→ EXERCISE BRIEF
Print the lines that start the entries and continue through the one holding "#3=PRODUCT_CONTEXT('',#1,'mechanical');", please, exactly and with the pictures omitted.

→ LISTED ENTRIES
○ ○ ○
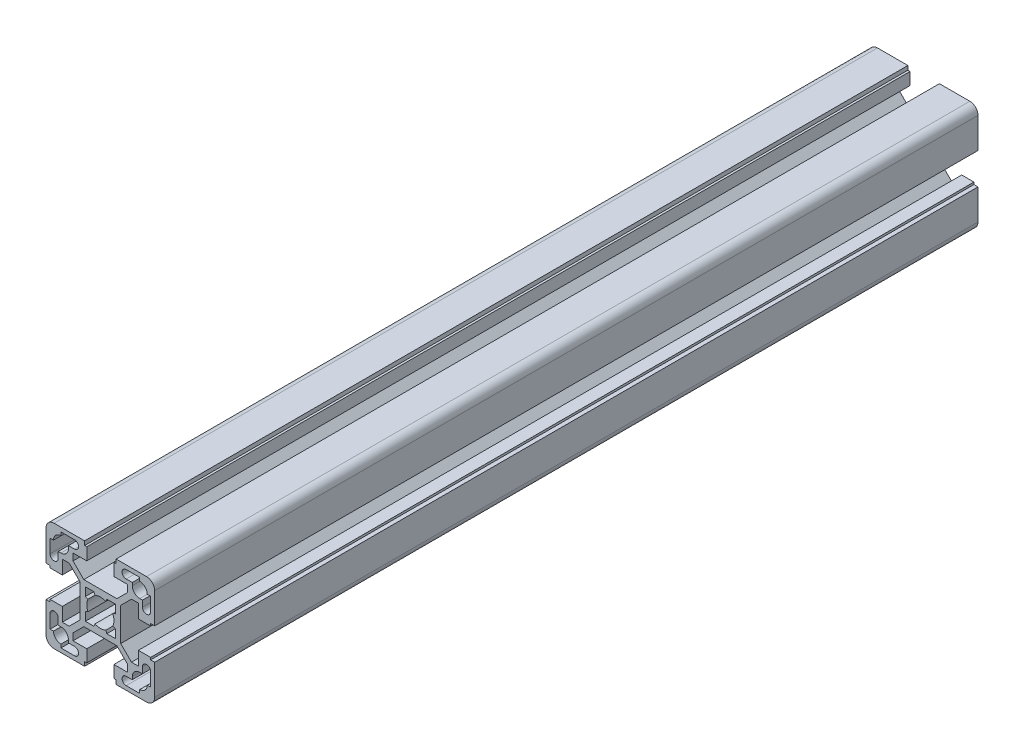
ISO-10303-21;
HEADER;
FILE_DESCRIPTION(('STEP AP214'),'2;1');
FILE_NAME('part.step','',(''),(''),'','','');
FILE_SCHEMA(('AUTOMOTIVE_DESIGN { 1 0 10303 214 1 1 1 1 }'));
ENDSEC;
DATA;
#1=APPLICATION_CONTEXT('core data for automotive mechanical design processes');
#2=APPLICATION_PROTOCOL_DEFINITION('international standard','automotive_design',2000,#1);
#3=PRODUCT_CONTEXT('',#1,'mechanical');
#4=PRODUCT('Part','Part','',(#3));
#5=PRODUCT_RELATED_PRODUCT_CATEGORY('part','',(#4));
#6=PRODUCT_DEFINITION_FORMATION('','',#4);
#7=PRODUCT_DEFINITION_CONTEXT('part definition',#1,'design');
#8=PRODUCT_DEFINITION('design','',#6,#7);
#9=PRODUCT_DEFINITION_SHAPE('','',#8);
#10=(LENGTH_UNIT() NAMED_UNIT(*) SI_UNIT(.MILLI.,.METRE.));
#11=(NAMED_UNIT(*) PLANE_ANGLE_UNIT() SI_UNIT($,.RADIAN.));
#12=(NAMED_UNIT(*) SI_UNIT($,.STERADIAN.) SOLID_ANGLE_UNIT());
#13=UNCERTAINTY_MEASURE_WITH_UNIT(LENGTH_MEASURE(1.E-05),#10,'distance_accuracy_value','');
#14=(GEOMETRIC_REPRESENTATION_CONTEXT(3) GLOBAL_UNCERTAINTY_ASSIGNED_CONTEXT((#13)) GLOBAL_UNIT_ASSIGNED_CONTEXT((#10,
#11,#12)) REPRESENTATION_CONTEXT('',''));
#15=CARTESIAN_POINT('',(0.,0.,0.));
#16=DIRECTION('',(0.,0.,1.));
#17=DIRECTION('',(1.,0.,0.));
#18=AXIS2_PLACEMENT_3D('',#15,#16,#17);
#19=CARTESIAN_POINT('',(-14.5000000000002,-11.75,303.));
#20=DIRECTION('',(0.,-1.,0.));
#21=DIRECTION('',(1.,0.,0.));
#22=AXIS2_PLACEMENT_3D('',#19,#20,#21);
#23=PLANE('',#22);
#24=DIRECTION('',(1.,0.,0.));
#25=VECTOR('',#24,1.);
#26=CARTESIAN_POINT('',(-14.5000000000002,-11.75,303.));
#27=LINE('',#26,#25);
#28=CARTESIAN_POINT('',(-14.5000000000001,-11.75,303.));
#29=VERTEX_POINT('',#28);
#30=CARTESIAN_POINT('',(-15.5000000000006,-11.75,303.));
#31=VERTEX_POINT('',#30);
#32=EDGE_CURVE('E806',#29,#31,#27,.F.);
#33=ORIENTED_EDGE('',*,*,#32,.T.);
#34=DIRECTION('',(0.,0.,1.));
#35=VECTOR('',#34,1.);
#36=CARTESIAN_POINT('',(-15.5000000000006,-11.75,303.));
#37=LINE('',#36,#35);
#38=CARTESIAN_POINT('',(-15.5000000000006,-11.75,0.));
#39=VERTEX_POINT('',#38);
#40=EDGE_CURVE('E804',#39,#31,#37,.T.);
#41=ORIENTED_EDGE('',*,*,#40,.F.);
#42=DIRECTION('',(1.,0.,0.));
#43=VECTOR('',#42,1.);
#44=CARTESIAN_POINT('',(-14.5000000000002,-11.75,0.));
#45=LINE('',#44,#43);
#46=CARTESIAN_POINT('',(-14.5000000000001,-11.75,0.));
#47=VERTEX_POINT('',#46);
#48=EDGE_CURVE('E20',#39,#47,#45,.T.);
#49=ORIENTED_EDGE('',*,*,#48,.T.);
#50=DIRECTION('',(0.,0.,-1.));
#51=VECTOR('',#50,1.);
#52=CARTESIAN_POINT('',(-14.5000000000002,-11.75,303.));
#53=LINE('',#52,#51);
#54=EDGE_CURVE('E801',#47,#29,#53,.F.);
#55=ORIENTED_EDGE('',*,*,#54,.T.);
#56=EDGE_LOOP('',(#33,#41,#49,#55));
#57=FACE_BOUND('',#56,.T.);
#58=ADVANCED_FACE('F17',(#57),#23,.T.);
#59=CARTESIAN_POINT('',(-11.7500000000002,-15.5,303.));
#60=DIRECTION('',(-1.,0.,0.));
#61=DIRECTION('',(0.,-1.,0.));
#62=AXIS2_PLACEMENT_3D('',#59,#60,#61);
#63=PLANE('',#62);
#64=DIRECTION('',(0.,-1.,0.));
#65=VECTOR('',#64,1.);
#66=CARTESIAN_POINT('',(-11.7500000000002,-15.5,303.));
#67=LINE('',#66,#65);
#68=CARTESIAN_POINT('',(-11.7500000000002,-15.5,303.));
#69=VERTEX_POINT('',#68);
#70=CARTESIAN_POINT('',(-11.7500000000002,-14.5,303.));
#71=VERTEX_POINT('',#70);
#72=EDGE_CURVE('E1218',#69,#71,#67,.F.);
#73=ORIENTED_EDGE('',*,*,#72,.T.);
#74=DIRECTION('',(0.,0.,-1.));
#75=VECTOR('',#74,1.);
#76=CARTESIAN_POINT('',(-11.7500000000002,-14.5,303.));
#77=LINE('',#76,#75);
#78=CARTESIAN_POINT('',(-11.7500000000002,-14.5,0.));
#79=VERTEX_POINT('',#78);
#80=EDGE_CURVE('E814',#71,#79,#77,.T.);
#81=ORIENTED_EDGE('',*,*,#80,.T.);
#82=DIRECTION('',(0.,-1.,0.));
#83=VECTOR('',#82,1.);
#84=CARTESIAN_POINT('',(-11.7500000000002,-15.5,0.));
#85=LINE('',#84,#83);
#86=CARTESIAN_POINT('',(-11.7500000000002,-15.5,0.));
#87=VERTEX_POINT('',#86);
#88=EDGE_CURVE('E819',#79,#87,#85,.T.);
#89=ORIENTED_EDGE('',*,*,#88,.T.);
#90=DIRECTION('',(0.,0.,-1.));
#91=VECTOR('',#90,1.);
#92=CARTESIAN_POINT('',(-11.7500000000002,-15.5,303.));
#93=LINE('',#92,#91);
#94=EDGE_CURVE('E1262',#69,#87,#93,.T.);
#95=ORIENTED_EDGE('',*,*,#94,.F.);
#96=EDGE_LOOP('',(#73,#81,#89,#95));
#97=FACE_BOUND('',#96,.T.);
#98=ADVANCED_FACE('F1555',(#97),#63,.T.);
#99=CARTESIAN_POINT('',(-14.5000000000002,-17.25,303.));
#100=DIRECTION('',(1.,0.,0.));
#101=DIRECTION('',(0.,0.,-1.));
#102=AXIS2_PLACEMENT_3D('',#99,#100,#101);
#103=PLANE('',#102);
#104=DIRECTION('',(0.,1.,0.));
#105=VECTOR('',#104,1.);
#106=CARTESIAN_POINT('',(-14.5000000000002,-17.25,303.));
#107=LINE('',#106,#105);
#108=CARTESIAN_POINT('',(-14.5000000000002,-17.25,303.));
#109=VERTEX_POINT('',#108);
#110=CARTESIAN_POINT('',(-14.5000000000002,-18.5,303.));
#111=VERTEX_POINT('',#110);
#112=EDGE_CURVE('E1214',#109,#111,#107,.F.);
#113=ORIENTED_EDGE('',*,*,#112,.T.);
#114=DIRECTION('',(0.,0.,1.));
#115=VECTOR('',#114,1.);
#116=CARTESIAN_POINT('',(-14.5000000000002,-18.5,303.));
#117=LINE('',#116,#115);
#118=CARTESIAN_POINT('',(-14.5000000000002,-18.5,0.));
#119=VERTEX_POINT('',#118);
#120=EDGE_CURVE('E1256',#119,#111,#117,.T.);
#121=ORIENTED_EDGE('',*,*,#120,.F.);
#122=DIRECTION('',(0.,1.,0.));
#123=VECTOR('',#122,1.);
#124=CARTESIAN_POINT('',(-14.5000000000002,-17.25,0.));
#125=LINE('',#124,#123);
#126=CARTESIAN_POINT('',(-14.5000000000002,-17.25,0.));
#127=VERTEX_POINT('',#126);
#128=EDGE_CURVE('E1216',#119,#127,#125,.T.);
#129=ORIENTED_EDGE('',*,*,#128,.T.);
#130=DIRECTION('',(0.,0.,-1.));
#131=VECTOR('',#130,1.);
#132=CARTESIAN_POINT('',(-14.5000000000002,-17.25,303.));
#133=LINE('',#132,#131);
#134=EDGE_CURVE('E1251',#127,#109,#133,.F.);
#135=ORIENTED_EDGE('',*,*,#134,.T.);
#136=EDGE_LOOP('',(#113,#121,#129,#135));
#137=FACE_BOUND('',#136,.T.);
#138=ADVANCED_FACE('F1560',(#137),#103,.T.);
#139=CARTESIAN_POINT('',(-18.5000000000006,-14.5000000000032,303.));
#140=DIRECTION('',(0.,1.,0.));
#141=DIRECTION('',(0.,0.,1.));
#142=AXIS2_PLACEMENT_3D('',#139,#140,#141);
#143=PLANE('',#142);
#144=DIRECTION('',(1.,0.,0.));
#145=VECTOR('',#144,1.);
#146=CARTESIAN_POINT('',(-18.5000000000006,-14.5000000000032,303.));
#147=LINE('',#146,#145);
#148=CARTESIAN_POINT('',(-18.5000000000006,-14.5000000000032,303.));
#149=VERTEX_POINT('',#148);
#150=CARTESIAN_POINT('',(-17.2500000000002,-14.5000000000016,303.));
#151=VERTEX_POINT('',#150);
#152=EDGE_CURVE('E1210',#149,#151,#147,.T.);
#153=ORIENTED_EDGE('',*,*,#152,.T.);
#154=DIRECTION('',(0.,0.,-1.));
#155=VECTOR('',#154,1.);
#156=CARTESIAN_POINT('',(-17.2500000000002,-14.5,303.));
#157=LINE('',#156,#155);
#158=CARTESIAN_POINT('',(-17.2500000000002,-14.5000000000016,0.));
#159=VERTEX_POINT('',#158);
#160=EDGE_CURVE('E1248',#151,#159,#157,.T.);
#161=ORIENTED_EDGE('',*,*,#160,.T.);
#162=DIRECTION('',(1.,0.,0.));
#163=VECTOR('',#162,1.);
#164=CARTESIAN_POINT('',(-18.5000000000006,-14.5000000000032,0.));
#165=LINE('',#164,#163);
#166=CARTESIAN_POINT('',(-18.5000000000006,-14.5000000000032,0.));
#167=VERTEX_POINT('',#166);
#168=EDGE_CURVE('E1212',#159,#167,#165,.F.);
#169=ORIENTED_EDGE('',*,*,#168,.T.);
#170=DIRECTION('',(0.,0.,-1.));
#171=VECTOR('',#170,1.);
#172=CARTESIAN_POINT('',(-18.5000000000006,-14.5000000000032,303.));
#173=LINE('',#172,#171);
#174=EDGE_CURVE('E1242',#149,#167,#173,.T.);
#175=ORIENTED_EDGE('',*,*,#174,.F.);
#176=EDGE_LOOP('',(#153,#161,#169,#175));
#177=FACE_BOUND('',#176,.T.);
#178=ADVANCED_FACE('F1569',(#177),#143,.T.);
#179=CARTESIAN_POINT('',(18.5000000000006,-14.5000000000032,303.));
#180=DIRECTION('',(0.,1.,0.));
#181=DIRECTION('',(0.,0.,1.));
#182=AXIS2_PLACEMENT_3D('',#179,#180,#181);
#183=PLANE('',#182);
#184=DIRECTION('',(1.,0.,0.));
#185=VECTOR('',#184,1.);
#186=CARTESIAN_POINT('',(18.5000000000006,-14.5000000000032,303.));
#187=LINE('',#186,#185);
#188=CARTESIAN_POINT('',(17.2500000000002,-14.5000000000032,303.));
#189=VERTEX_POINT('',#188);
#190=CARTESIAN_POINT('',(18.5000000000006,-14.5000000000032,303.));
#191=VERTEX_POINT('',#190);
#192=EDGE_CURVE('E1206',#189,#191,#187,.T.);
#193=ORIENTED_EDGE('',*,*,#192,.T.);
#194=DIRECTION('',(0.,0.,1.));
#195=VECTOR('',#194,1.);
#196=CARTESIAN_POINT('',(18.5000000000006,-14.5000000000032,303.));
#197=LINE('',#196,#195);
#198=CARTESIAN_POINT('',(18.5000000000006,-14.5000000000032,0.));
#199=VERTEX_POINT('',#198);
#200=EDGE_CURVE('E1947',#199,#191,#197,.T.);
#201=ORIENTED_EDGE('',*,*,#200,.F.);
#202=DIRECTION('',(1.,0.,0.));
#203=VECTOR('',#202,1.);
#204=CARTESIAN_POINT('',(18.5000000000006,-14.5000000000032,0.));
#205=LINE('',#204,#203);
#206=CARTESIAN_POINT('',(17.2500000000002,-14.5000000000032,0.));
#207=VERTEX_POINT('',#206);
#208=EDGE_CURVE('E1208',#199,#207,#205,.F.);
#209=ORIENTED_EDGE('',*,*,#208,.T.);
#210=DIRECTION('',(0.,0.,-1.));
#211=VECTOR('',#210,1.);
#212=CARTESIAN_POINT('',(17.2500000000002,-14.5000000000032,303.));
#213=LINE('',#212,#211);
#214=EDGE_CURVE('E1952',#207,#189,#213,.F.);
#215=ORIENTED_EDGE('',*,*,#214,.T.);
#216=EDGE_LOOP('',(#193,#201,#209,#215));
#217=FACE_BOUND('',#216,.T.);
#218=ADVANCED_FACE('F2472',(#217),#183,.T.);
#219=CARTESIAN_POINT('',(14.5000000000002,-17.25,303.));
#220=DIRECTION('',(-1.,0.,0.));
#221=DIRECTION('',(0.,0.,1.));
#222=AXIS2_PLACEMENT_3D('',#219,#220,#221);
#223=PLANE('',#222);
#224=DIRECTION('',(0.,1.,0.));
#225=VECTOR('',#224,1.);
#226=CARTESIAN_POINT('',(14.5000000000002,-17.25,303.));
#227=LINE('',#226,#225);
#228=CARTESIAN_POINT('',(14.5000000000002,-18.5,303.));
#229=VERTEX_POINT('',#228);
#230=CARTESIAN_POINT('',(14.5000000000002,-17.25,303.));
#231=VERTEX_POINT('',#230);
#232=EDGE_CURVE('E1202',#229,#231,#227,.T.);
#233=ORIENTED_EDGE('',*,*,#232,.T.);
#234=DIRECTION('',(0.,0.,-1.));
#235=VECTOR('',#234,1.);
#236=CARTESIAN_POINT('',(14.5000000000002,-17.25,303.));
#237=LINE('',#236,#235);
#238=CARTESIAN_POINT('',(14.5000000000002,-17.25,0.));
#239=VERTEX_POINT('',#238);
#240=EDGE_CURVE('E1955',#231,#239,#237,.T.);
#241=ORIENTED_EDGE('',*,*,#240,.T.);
○ ○ ○
→ EXERCISE RESULT
ISO-10303-21;
HEADER;
FILE_DESCRIPTION(('STEP AP214'),'2;1');
FILE_NAME('part.step','',(''),(''),'','','');
FILE_SCHEMA(('AUTOMOTIVE_DESIGN { 1 0 10303 214 1 1 1 1 }'));
ENDSEC;
DATA;
#1=APPLICATION_CONTEXT('core data for automotive mechanical design processes');
#2=APPLICATION_PROTOCOL_DEFINITION('international standard','automotive_design',2000,#1);
#3=PRODUCT_CONTEXT('',#1,'mechanical');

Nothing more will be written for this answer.